*Description of the task*. Go through the material line by line and copy each one with the word "close".

*Working data*.
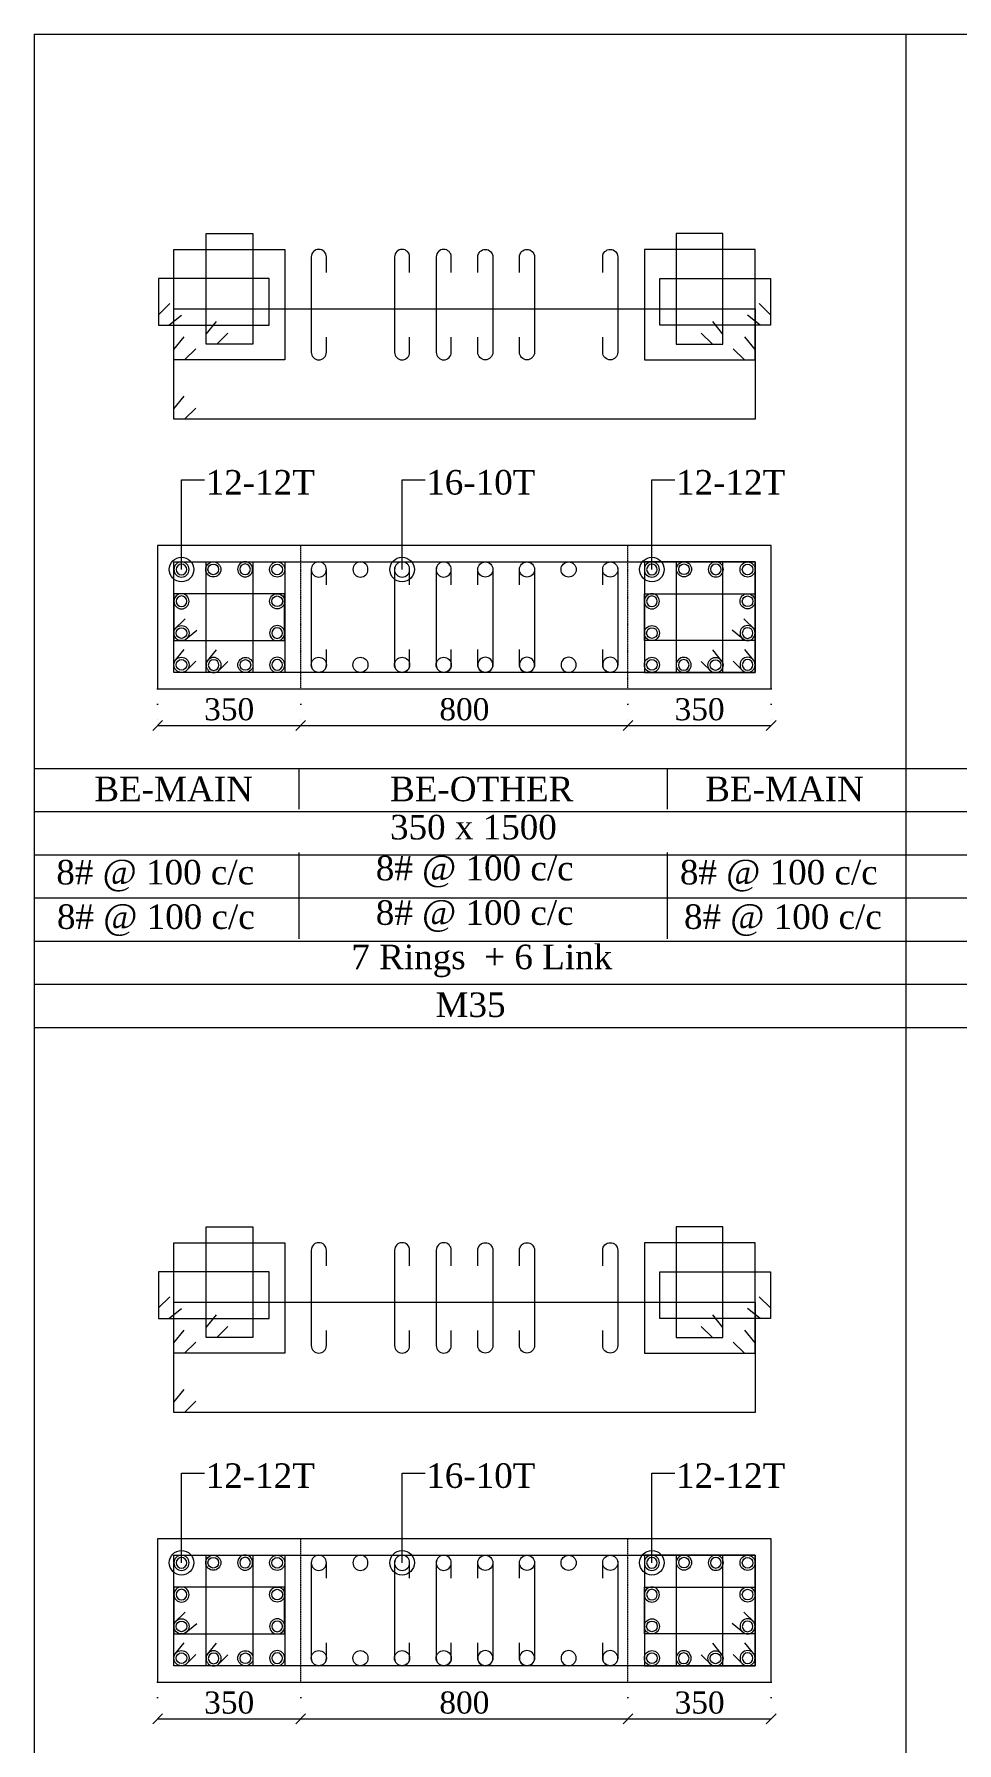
# Model space of a CAD drawing. Header units: millimetres. Extents: x 303 to 27724, y 300 to 68956.
# Drawn here: x 303 to 2559, y 64779 to 68956 of the extents above; entities that cross this region are included whole.
import ezdxf

# ---------------------------------------------------------------- set-up
doc = ezdxf.new("R2010")
doc.units = ezdxf.units.MM
doc.linetypes.add('( Hidden )', pattern=[0.375, 0.25, -0.125])
doc.linetypes.add('DOT2', pattern=[0.125, 0, -0.125])
doc.layers.get('Defpoints').update_dxf_attribs({"lineweight": 0})
for name, color, linetype, lineweight in [('S-COL. STEEL DIA', 1, 'Continuous', 9), ('S-DIM FOOTING', 7, 'Continuous', 0), ('S-SECTION', 5, 'Continuous', 0), ('S-SECTION MARK', 7, 'Continuous', 0), ('S-SHEET', 7, 'Continuous', 0), ('S-STEEL', 1, 'Continuous', 9), ('S-STEEL-1', 1, 'Continuous', 0), ('S-STEEL-1 C.S.', 106, 'Continuous', 0), ('S-TEXT', 7, 'Continuous', 0)]:
    doc.layers.add(name, color=color, linetype=linetype, lineweight=lineweight)
doc.styles.add('AR', font='ARIALUNI.TTF', dxfattribs={"width": 0.8})
doc.styles.add('S-ROMANS', font='times.ttf')
doc.styles.add('TEXT', font='times.ttf')
doc.dimstyles.new('100', dxfattribs={"dimtxt": 180, "dimasz": 80, "dimexe": 0.18, "dimexo": 0.0625, "dimgap": 1, "dimtad": 1, "dimdec": 0, "dimzin": 0, "dimdsep": 46, "dimtxsty": 'AR', "dimblk": 'DOT', "dimcen": 0.09, "dimse1": 1, "dimse2": 1, "dimclrd": 50, "dimclrt": 256, "dimadec": 0, "dimazin": 0, "dimtfac": 1, "dimtdec": 0, "dimtix": 1, "dimtofl": 0, "dimtmove": 2, "dimatfit": 0, "dimfxl": 1, "dimtolj": 1, "dimtzin": 0, "dimlwd": -1, "dimarcsym": 0})
doc.dimstyles.new('SETU', dxfattribs={"dimtxt": 230, "dimasz": 0.2, "dimexe": 0.1, "dimexo": 0.1, "dimgap": 0.05, "dimtad": 1, "dimdec": 0, "dimzin": 0, "dimdsep": 46, "dimtxsty": 'TEXT', "dimblk": 'OBLIQUE', "dimcen": 0.09, "dimdle": 0.1, "dimclrd": 4, "dimclre": 256, "dimclrt": 256, "dimadec": 1, "dimazin": 0, "dimtfac": 1, "dimtdec": 0, "dimtix": 1, "dimtofl": 0, "dimtmove": 2, "dimatfit": 0, "dimfxl": 1, "dimtolj": 1, "dimtzin": 0, "dimlwd": -1, "dimlwe": -1, "dimarcsym": 1})

# ---------------------------------------------------------------- blocks, each defined once
blk = doc.blocks.new('*U6')
at = {"layer": 'S-COL. STEEL DIA', "lineweight": 5}
for radius in [18.5, 13, 13]:
    blk.add_circle((0, 0), radius, dxfattribs=at)
blk = doc.blocks.new('_Oblique')
at = {"color": 0, "linetype": 'ByBlock', "lineweight": -2}
blk.add_line((-0.5, -0.5), (0.5, 0.5), dxfattribs=at)
blk = doc.blocks.new('*D2412')
at = {"layer": 'Defpoints', "color": 0}
for p in [(604.7, 64927.8), (954.7, 64927.8), (954.7, 64837.9)]:
    blk.add_point(p, dxfattribs=at)
at = {"layer": 'S-DIM FOOTING', "linetype": 'DOT2', "ltscale": 300}
for p, q in [((604.7, 64927.7), (604.7, 64837.8)), ((954.7, 64927.7), (954.7, 64837.8))]:
    blk.add_line(p, q, dxfattribs=at)
at = {"layer": 'S-DIM FOOTING', "ltscale": 300}
blk.add_line((604.6, 64837.9), (954.8, 64837.9), dxfattribs=at)
at = {"layer": 'S-DIM FOOTING', "linetype": 'ByBlock', "xscale": 24, "yscale": 24, "zscale": 24, "rotation": 180}
blk.add_blockref('_Oblique', (604.7, 64837.9), dxfattribs=at)
at = {"layer": 'S-DIM FOOTING', "linetype": 'ByBlock', "xscale": 24, "yscale": 24, "zscale": 24}
blk.add_blockref('_Oblique', (954.7, 64837.9), dxfattribs=at)
at = {"layer": 'S-DIM FOOTING', "insert": (779.7, 64877.4), "char_height": 54, "attachment_point": 5, "style": 'TEXT'}
blk.add_mtext('\\A1;350', dxfattribs=at)
blk = doc.blocks.new('*D2413')
at = {"layer": 'Defpoints', "color": 0}
for p in [(954.7, 64927.8), (1754.7, 64927.8), (1754.7, 64837.9)]:
    blk.add_point(p, dxfattribs=at)
at = {"layer": 'S-DIM FOOTING', "linetype": 'DOT2', "ltscale": 300}
for p, q in [((954.7, 64927.7), (954.7, 64837.8)), ((1754.7, 64927.7), (1754.7, 64837.8))]:
    blk.add_line(p, q, dxfattribs=at)
at = {"layer": 'S-DIM FOOTING', "ltscale": 300}
blk.add_line((954.6, 64837.9), (1754.8, 64837.9), dxfattribs=at)
at = {"layer": 'S-DIM FOOTING', "linetype": 'ByBlock', "xscale": 24, "yscale": 24, "zscale": 24, "rotation": 180}
blk.add_blockref('_Oblique', (954.7, 64837.9), dxfattribs=at)
at = {"layer": 'S-DIM FOOTING', "linetype": 'ByBlock', "xscale": 24, "yscale": 24, "zscale": 24}
blk.add_blockref('_Oblique', (1754.7, 64837.9), dxfattribs=at)
at = {"layer": 'S-DIM FOOTING', "insert": (1354.7, 64877.4), "char_height": 54, "attachment_point": 5, "style": 'TEXT'}
blk.add_mtext('\\A1;800', dxfattribs=at)
blk = doc.blocks.new('*D2414')
at = {"layer": 'Defpoints', "color": 0}
for p in [(1754.7, 64927.8), (2104.7, 64927.8), (2104.7, 64837.9)]:
    blk.add_point(p, dxfattribs=at)
at = {"layer": 'S-DIM FOOTING', "linetype": 'DOT2', "ltscale": 300}
for p, q in [((1754.7, 64927.7), (1754.7, 64837.8)), ((2104.7, 64927.7), (2104.7, 64837.8))]:
    blk.add_line(p, q, dxfattribs=at)
at = {"layer": 'S-DIM FOOTING', "ltscale": 300}
blk.add_line((1754.6, 64837.9), (2104.8, 64837.9), dxfattribs=at)
at = {"layer": 'S-DIM FOOTING', "linetype": 'ByBlock', "xscale": 24, "yscale": 24, "zscale": 24, "rotation": 180}
blk.add_blockref('_Oblique', (1754.7, 64837.9), dxfattribs=at)
at = {"layer": 'S-DIM FOOTING', "linetype": 'ByBlock', "xscale": 24, "yscale": 24, "zscale": 24}
blk.add_blockref('_Oblique', (2104.7, 64837.9), dxfattribs=at)
at = {"layer": 'S-DIM FOOTING', "insert": (1929.7, 64877.4), "char_height": 54, "attachment_point": 5, "style": 'TEXT'}
blk.add_mtext('\\A1;350', dxfattribs=at)
blk = doc.blocks.new('*U74')
at = {"layer": 'S-COL. STEEL DIA', "lineweight": 5}
blk.add_circle((0, 0), 18.5, dxfattribs=at)
blk = doc.blocks.new('_Dot')
at = {"linetype": 'ByBlock', "lineweight": -2}
blk.add_line((-0.5, 0), (-1, 0), dxfattribs=at)
at = {"linetype": 'ByBlock', "const_width": 0.5}
blk.add_lwpolyline([(-0.25, 0, 1), (0.25, 0, 1)], format="xyb", close=True, dxfattribs=at)
blk = doc.blocks.new('*D2418')
at = {"layer": 'Defpoints', "color": 0}
for p in [(604.7, 67355.9), (954.7, 67355.9), (954.7, 67266)]:
    blk.add_point(p, dxfattribs=at)
at = {"layer": 'S-DIM FOOTING', "linetype": 'DOT2', "ltscale": 300}
for p, q in [((604.7, 67355.7), (604.7, 67265.9)), ((954.7, 67355.7), (954.7, 67265.9))]:
    blk.add_line(p, q, dxfattribs=at)
at = {"layer": 'S-DIM FOOTING', "ltscale": 300}
blk.add_line((604.6, 67266), (954.8, 67266), dxfattribs=at)
at = {"layer": 'S-DIM FOOTING', "linetype": 'ByBlock', "xscale": 24, "yscale": 24, "zscale": 24, "rotation": 180}
blk.add_blockref('_Oblique', (604.7, 67266), dxfattribs=at)
at = {"layer": 'S-DIM FOOTING', "linetype": 'ByBlock', "xscale": 24, "yscale": 24, "zscale": 24}
blk.add_blockref('_Oblique', (954.7, 67266), dxfattribs=at)
at = {"layer": 'S-DIM FOOTING', "insert": (779.7, 67305.5), "char_height": 54, "attachment_point": 5, "style": 'TEXT'}
blk.add_mtext('\\A1;350', dxfattribs=at)
blk = doc.blocks.new('*D2419')
at = {"layer": 'Defpoints', "color": 0}
for p in [(954.7, 67355.9), (1754.7, 67355.9), (1754.7, 67266)]:
    blk.add_point(p, dxfattribs=at)
at = {"layer": 'S-DIM FOOTING', "linetype": 'DOT2', "ltscale": 300}
for p, q in [((954.7, 67355.7), (954.7, 67265.9)), ((1754.7, 67355.7), (1754.7, 67265.9))]:
    blk.add_line(p, q, dxfattribs=at)
at = {"layer": 'S-DIM FOOTING', "ltscale": 300}
blk.add_line((954.6, 67266), (1754.8, 67266), dxfattribs=at)
at = {"layer": 'S-DIM FOOTING', "linetype": 'ByBlock', "xscale": 24, "yscale": 24, "zscale": 24, "rotation": 180}
blk.add_blockref('_Oblique', (954.7, 67266), dxfattribs=at)
at = {"layer": 'S-DIM FOOTING', "linetype": 'ByBlock', "xscale": 24, "yscale": 24, "zscale": 24}
blk.add_blockref('_Oblique', (1754.7, 67266), dxfattribs=at)
at = {"layer": 'S-DIM FOOTING', "insert": (1354.7, 67305.5), "char_height": 54, "attachment_point": 5, "style": 'TEXT'}
blk.add_mtext('\\A1;800', dxfattribs=at)
blk = doc.blocks.new('*D2420')
at = {"layer": 'Defpoints', "color": 0}
for p in [(1754.7, 67355.9), (2104.7, 67355.9), (2104.7, 67266)]:
    blk.add_point(p, dxfattribs=at)
at = {"layer": 'S-DIM FOOTING', "linetype": 'DOT2', "ltscale": 300}
for p, q in [((1754.7, 67355.7), (1754.7, 67265.9)), ((2104.7, 67355.7), (2104.7, 67265.9))]:
    blk.add_line(p, q, dxfattribs=at)
at = {"layer": 'S-DIM FOOTING', "ltscale": 300}
blk.add_line((1754.6, 67266), (2104.8, 67266), dxfattribs=at)
at = {"layer": 'S-DIM FOOTING', "linetype": 'ByBlock', "xscale": 24, "yscale": 24, "zscale": 24, "rotation": 180}
blk.add_blockref('_Oblique', (1754.7, 67266), dxfattribs=at)
at = {"layer": 'S-DIM FOOTING', "linetype": 'ByBlock', "xscale": 24, "yscale": 24, "zscale": 24}
blk.add_blockref('_Oblique', (2104.7, 67266), dxfattribs=at)
at = {"layer": 'S-DIM FOOTING', "insert": (1929.7, 67305.5), "char_height": 54, "attachment_point": 5, "style": 'TEXT'}
blk.add_mtext('\\A1;350', dxfattribs=at)

msp = doc.modelspace()

# ---------------------------------------------------------------- linework, layer by layer
at = {"layer": 'S-SECTION'}
for points, elevation in [([(2104.7, 67355.9), (2104.7, 67705.9), (604.7, 67705.9), (604.7, 67355.9)], -15.5), ([(2104.7, 64927.8), (2104.7, 65277.8), (604.7, 65277.8), (604.7, 64927.8)], -8.1)]:
    msp.add_lwpolyline(points, close=True, dxfattribs=dict(at, elevation=elevation))
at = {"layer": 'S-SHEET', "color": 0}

*Solution for this problem*.
blk.add_lwpolyline([(-0.25, 0, 1), (0.25, 0, 1)], format="xyb", close=True, dxfattribs=at)
    msp.add_lwpolyline(points, close=True, dxfattribs=dict(at, elevation=elevation))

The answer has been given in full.